Klares nein. Beide Konzepte können harmonisch koexistieren, wenn man die Perspektive ändert. Karma Yoga lehrt, dass die wahre Motivation für Handlungen die Pflichterfüllung und das spirituelle Wachstum sein sollte, nicht egoistische Wünsche nach Belohnung.
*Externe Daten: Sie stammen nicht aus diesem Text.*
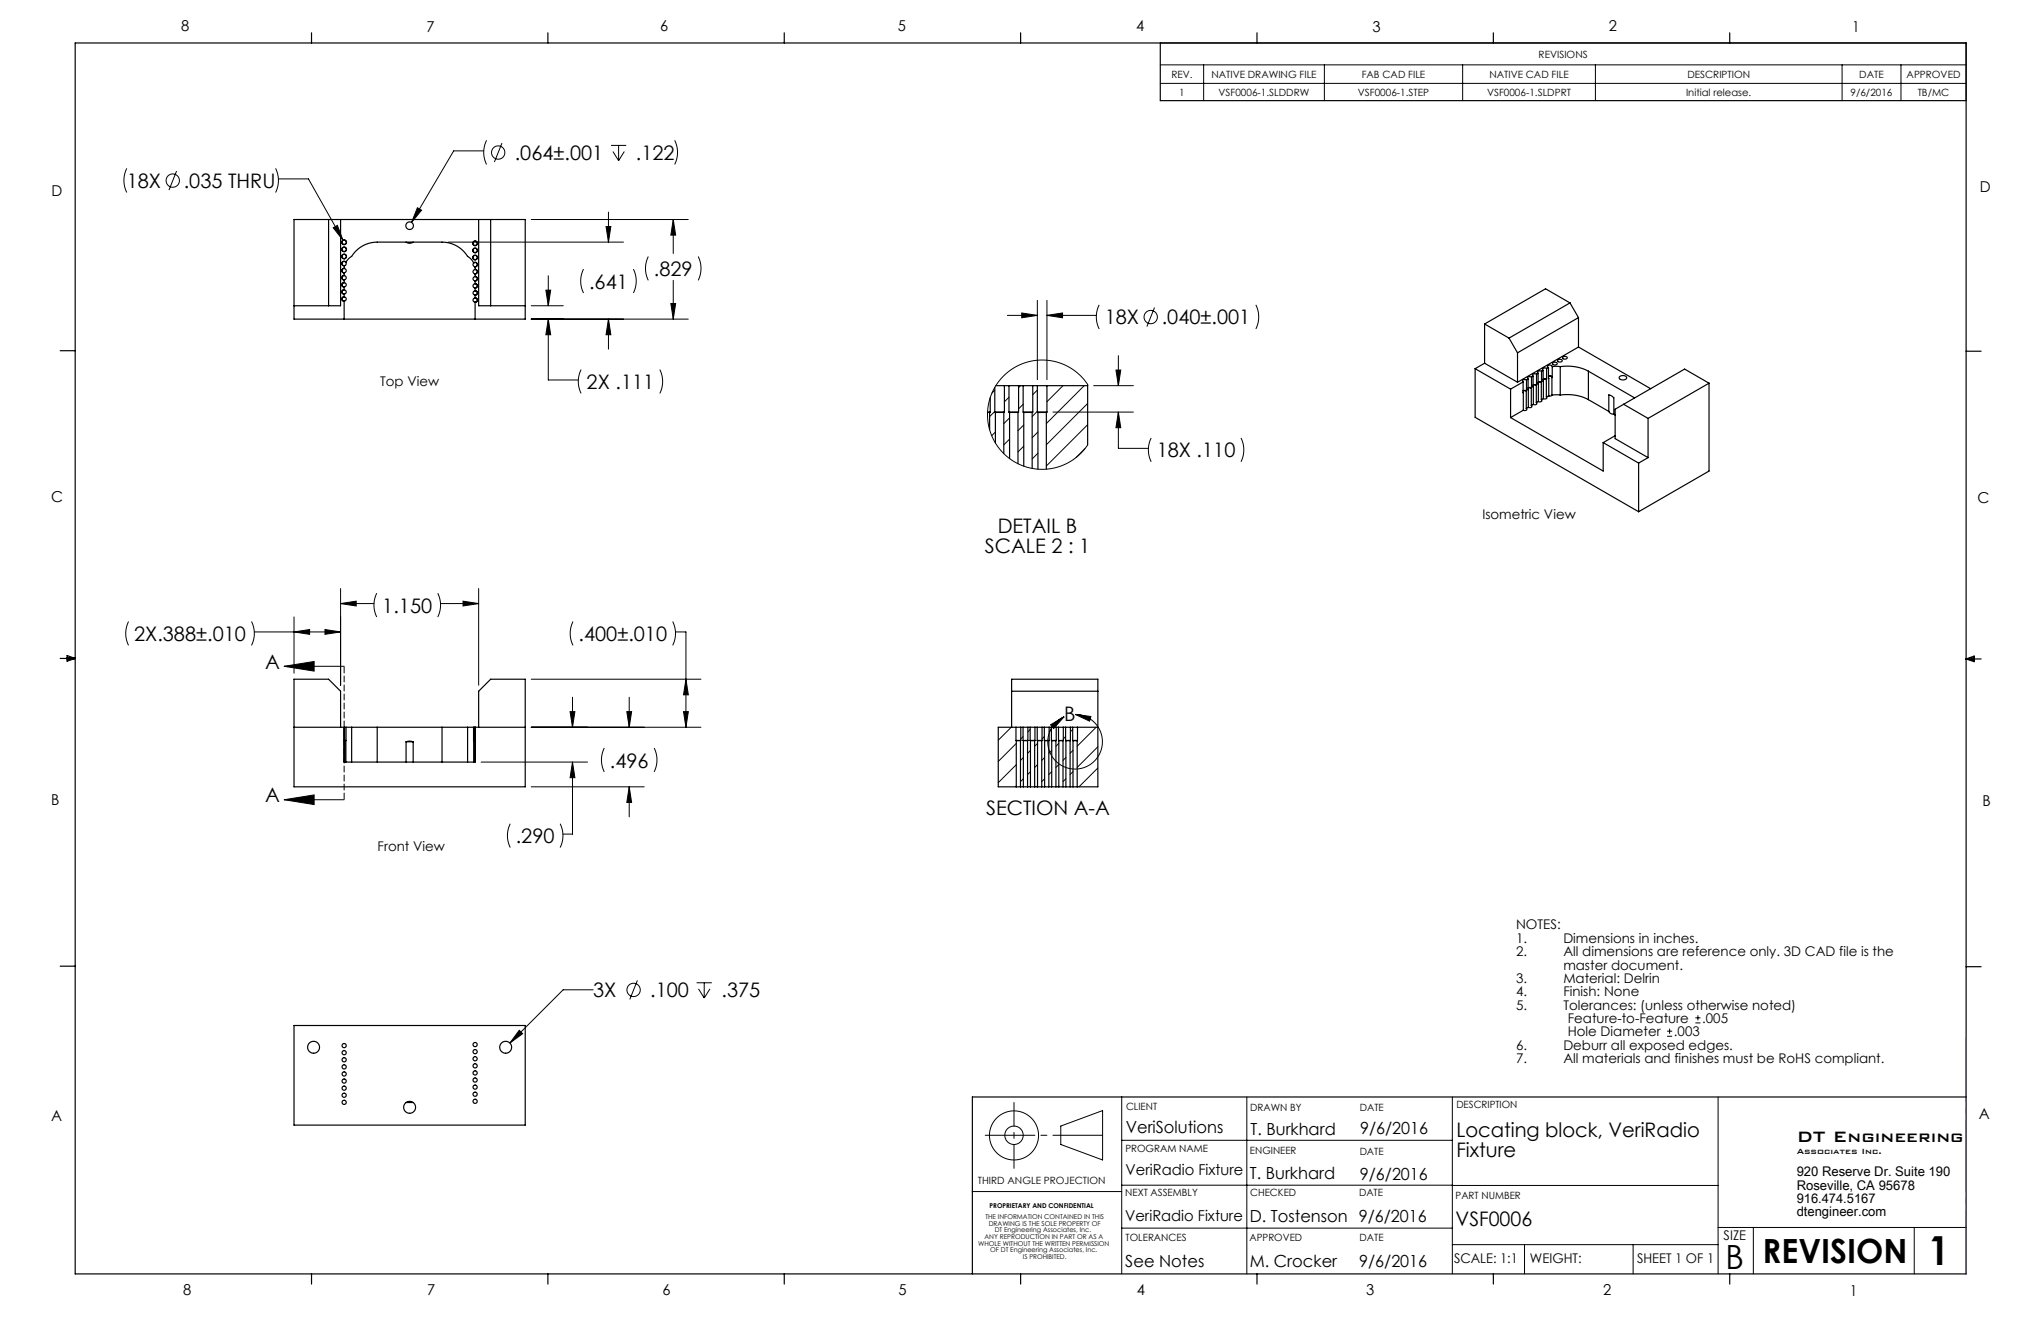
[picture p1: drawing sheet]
<svg xmlns="http://www.w3.org/2000/svg" width="432mm" height="279mm" viewBox="0 0 432 279" stroke-linecap="round" stroke-linejoin="round" font-family="sans-serif">
<g fill="none" stroke="#000" stroke-width=".21">
<path d="M245.5 13.7h170.5M245.5 17.6h170.5M254.6 13.7v7.6M280.2 13.7v7.6M309.4 13.7v7.6M337.5 13.7v7.6M389.7 13.7v7.6M402.2 13.7v7.6M26.8 35.6a5.7 5.7 0 0 0 0 5.1M37.4 36.2l-1.7 4M58.3 35.6a5.7 5.7 0 0 1 0 5.1M58.9 37.8h6.4l7.3 13"/>
<path d="M102.3 31.9h-6.3l-8.9 15.1M102.9 29.7a5.7 5.7 0 0 0 0 5.1M106.2 30.2l-1.6 4.1M129.3 30.8h3.2M129.7 32l1.2 2M130.9 30.8v3.2M132.1 32l-1.2 2M142.7 29.7a5.7 5.7 0 0 1 0 5.1M70.5 48.2l.9-.5 1.2 3.1zM88.3 43.9l.9 .6-2.1 2.5zM94.8 51.2h37.1M112.4 46.4h33.2"/>
<path d="M116 58.3v6.4M123.4 56.9a5.6 5.6 0 0 0 0 5.1M128.2 47.9h1l-.5 3.3zM128.7 44.9v6.3M134 56.9a5.6 5.6 0 0 1 0 5.1M137.2 54.3a5.6 5.6 0 0 0 0 5M142.4 46.4l.5 3.3h-1zM142.4 46.4v7.2M142.4 59.3v8.2M147.7 54.3a5.6 5.6 0 0 1 0 5M112.4 67.5h33.2M112.4 64.7h6.8"/>
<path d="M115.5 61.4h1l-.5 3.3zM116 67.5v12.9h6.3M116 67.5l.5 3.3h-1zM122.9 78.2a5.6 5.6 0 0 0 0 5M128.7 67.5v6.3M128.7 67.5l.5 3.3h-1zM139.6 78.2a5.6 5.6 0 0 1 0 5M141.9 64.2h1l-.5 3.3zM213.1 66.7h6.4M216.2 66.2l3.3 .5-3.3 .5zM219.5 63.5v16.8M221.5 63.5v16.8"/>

Der Energieausgleich kann dann als eine natürliche Konsequenz dieser selbstlosen Handlungen betrachtet werden. Es bedeutet, dass positive Energie in Form von innerem Frieden, Zufriedenheit und spirituellem Wachstum zurückkommt, wenn Handlungen ohne egoistische Absichten ausgeführt werden.

Daher können Karma Yoga und das Gesetz des Energieausgleichs in einem holistischen Verständnis miteinander in Einklang stehen.

Doch zurück in die Praxis. In den Alltag. Ins Hier und Jetzt. 

Denn bei Karma Yoga gilt freilich das Bonmot: Es gibt nichts Gutes, außer man tut es. Denn mit jeder karma-yogischen Tat wächst nicht nur die Freude daran, sondern auch die innere Haltung dazu. In diesem Sinn sprengt Karma Yoga Fesseln. Karma Yoga befreit letztlich von Zwängen. Es ist Lehren und Lernen. Immer wieder neu. Für Geber und Empfänger. 

Hand aufs Herz: Kannst du empfangen oder annehmen, ohne dich zur Gegenleistung verpflichtet zu fühlen? Kannst du geben, ohne etwas vom anderen dafür zu erwarten? Übe es! Auch ohne, dass dich Oz zum Karma-Yogi ernennt. Ermächtige dich selbst oder ernenne andere zum Karma Yogi. Mache die Welt ein bisschen besser. Sie hat es nötig.